- Problem to work on: Return the full listing unchanged, apart from leaving out its images.

- Exercise material:
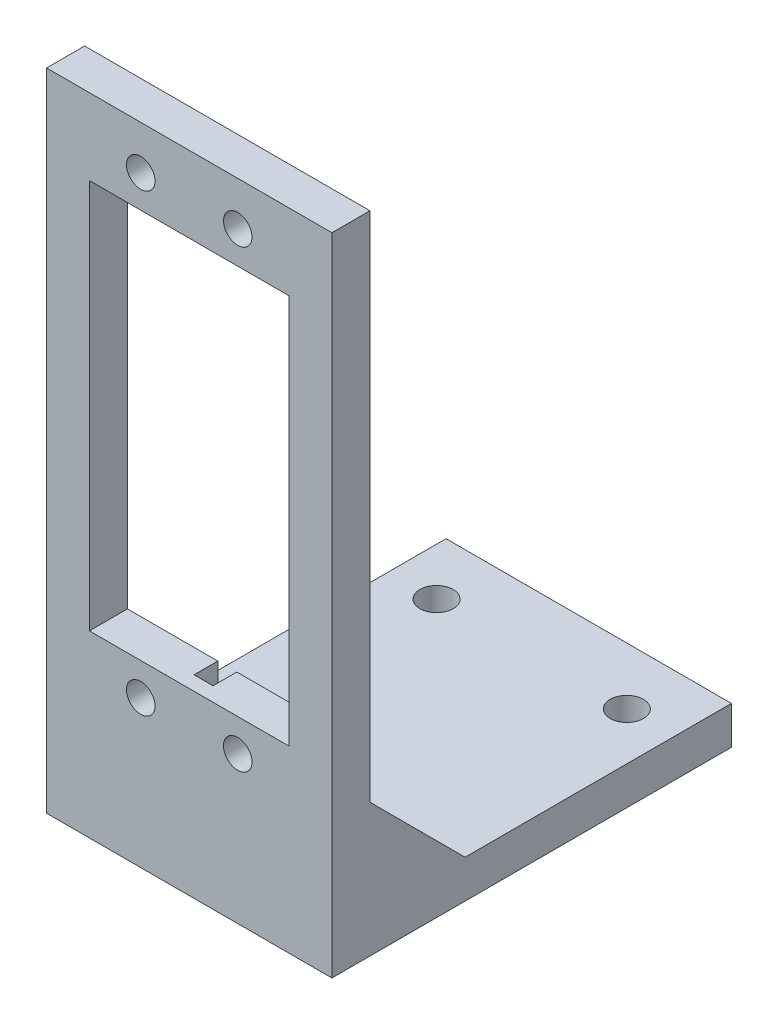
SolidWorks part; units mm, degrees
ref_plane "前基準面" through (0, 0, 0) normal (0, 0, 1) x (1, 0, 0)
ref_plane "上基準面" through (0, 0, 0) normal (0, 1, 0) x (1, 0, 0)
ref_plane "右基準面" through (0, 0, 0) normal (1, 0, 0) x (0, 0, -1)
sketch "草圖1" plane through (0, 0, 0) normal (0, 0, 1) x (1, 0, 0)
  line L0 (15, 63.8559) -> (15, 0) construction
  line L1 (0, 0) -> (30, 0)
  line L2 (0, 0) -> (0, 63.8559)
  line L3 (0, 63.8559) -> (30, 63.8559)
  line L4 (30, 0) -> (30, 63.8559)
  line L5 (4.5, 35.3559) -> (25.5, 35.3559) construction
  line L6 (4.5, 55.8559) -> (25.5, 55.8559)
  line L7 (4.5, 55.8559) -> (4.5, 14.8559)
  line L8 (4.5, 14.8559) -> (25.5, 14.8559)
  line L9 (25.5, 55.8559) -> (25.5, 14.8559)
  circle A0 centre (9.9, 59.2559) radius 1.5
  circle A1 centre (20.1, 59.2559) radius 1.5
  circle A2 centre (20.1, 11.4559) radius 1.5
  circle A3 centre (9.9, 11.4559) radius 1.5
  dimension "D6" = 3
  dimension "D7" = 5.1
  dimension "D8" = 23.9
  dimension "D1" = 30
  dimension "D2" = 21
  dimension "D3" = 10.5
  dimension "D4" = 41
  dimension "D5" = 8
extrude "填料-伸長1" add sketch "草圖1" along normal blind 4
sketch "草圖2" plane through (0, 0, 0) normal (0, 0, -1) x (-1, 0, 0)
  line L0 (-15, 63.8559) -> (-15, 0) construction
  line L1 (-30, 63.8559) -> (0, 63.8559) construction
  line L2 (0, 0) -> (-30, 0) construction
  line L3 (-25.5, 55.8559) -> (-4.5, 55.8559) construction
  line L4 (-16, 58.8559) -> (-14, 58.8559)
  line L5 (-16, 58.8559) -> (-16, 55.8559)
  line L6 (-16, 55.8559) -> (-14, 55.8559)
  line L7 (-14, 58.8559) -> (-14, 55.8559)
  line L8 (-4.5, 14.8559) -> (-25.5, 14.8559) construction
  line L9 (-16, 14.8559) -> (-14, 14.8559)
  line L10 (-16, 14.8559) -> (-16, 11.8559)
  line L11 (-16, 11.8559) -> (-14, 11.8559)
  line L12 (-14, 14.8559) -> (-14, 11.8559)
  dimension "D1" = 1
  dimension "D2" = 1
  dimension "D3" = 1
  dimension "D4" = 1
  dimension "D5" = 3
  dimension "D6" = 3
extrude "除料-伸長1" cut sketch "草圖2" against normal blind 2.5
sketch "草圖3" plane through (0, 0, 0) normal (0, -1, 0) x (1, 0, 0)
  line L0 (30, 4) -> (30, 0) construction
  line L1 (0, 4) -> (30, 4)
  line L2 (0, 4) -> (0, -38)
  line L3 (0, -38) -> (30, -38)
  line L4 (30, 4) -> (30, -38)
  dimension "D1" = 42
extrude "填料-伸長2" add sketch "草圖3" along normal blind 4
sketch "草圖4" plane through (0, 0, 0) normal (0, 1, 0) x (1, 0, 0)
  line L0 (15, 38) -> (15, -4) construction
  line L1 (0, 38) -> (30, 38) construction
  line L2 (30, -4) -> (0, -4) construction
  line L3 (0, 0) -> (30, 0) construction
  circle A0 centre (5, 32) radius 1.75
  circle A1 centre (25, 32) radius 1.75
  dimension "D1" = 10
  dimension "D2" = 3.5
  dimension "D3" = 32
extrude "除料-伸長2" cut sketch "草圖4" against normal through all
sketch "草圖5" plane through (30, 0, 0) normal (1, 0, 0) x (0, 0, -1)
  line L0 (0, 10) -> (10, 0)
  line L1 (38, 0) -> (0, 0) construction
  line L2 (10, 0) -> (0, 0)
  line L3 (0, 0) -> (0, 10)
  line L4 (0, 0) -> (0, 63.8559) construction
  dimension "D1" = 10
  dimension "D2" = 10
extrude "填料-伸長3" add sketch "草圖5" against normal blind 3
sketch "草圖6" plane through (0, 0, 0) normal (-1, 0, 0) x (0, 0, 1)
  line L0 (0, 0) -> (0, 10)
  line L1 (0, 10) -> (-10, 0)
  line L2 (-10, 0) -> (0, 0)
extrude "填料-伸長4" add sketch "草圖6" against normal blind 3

- Response below:
SolidWorks part; units mm, degrees
ref_plane "前基準面" through (0, 0, 0) normal (0, 0, 1) x (1, 0, 0)
ref_plane "上基準面" through (0, 0, 0) normal (0, 1, 0) x (1, 0, 0)
ref_plane "右基準面" through (0, 0, 0) normal (1, 0, 0) x (0, 0, -1)
sketch "草圖1" plane through (0, 0, 0) normal (0, 0, 1) x (1, 0, 0)
  line L0 (15, 63.8559) -> (15, 0) construction
  line L1 (0, 0) -> (30, 0)
  line L2 (0, 0) -> (0, 63.8559)
  line L3 (0, 63.8559) -> (30, 63.8559)
  line L4 (30, 0) -> (30, 63.8559)
  line L5 (4.5, 35.3559) -> (25.5, 35.3559) construction
  line L6 (4.5, 55.8559) -> (25.5, 55.8559)
  line L7 (4.5, 55.8559) -> (4.5, 14.8559)
  line L8 (4.5, 14.8559) -> (25.5, 14.8559)
  line L9 (25.5, 55.8559) -> (25.5, 14.8559)
  circle A0 centre (9.9, 59.2559) radius 1.5
  circle A1 centre (20.1, 59.2559) radius 1.5
  circle A2 centre (20.1, 11.4559) radius 1.5
  circle A3 centre (9.9, 11.4559) radius 1.5
  dimension "D6" = 3
  dimension "D7" = 5.1
  dimension "D8" = 23.9
  dimension "D1" = 30
  dimension "D2" = 21
  dimension "D3" = 10.5
  dimension "D4" = 41
  dimension "D5" = 8
extrude "填料-伸長1" add sketch "草圖1" along normal blind 4
sketch "草圖2" plane through (0, 0, 0) normal (0, 0, -1) x (-1, 0, 0)
  line L0 (-15, 63.8559) -> (-15, 0) construction
  line L1 (-30, 63.8559) -> (0, 63.8559) construction
  line L2 (0, 0) -> (-30, 0) construction
  line L3 (-25.5, 55.8559) -> (-4.5, 55.8559) construction
  line L4 (-16, 58.8559) -> (-14, 58.8559)
  line L5 (-16, 58.8559) -> (-16, 55.8559)
  line L6 (-16, 55.8559) -> (-14, 55.8559)
  line L7 (-14, 58.8559) -> (-14, 55.8559)
  line L8 (-4.5, 14.8559) -> (-25.5, 14.8559) construction
  line L9 (-16, 14.8559) -> (-14, 14.8559)
  line L10 (-16, 14.8559) -> (-16, 11.8559)
  line L11 (-16, 11.8559) -> (-14, 11.8559)
  line L12 (-14, 14.8559) -> (-14, 11.8559)
  dimension "D1" = 1
  dimension "D2" = 1
  dimension "D3" = 1
  dimension "D4" = 1
  dimension "D5" = 3
  dimension "D6" = 3
extrude "除料-伸長1" cut sketch "草圖2" against normal blind 2.5
sketch "草圖3" plane through (0, 0, 0) normal (0, -1, 0) x (1, 0, 0)
  line L0 (30, 4) -> (30, 0) construction
  line L1 (0, 4) -> (30, 4)
  line L2 (0, 4) -> (0, -38)
  line L3 (0, -38) -> (30, -38)
  line L4 (30, 4) -> (30, -38)
  dimension "D1" = 42
extrude "填料-伸長2" add sketch "草圖3" along normal blind 4
sketch "草圖4" plane through (0, 0, 0) normal (0, 1, 0) x (1, 0, 0)
  line L0 (15, 38) -> (15, -4) construction
  line L1 (0, 38) -> (30, 38) construction
  line L2 (30, -4) -> (0, -4) construction
  line L3 (0, 0) -> (30, 0) construction
  circle A0 centre (5, 32) radius 1.75
  circle A1 centre (25, 32) radius 1.75
  dimension "D1" = 10
  dimension "D2" = 3.5
  dimension "D3" = 32
extrude "除料-伸長2" cut sketch "草圖4" against normal through all
sketch "草圖5" plane through (30, 0, 0) normal (1, 0, 0) x (0, 0, -1)
  line L0 (0, 10) -> (10, 0)
  line L1 (38, 0) -> (0, 0) construction
  line L2 (10, 0) -> (0, 0)
  line L3 (0, 0) -> (0, 10)
  line L4 (0, 0) -> (0, 63.8559) construction
  dimension "D1" = 10
  dimension "D2" = 10
extrude "填料-伸長3" add sketch "草圖5" against normal blind 3
sketch "草圖6" plane through (0, 0, 0) normal (-1, 0, 0) x (0, 0, 1)
  line L0 (0, 0) -> (0, 10)
  line L1 (0, 10) -> (-10, 0)
  line L2 (-10, 0) -> (0, 0)
extrude "填料-伸長4" add sketch "草圖6" against normal blind 3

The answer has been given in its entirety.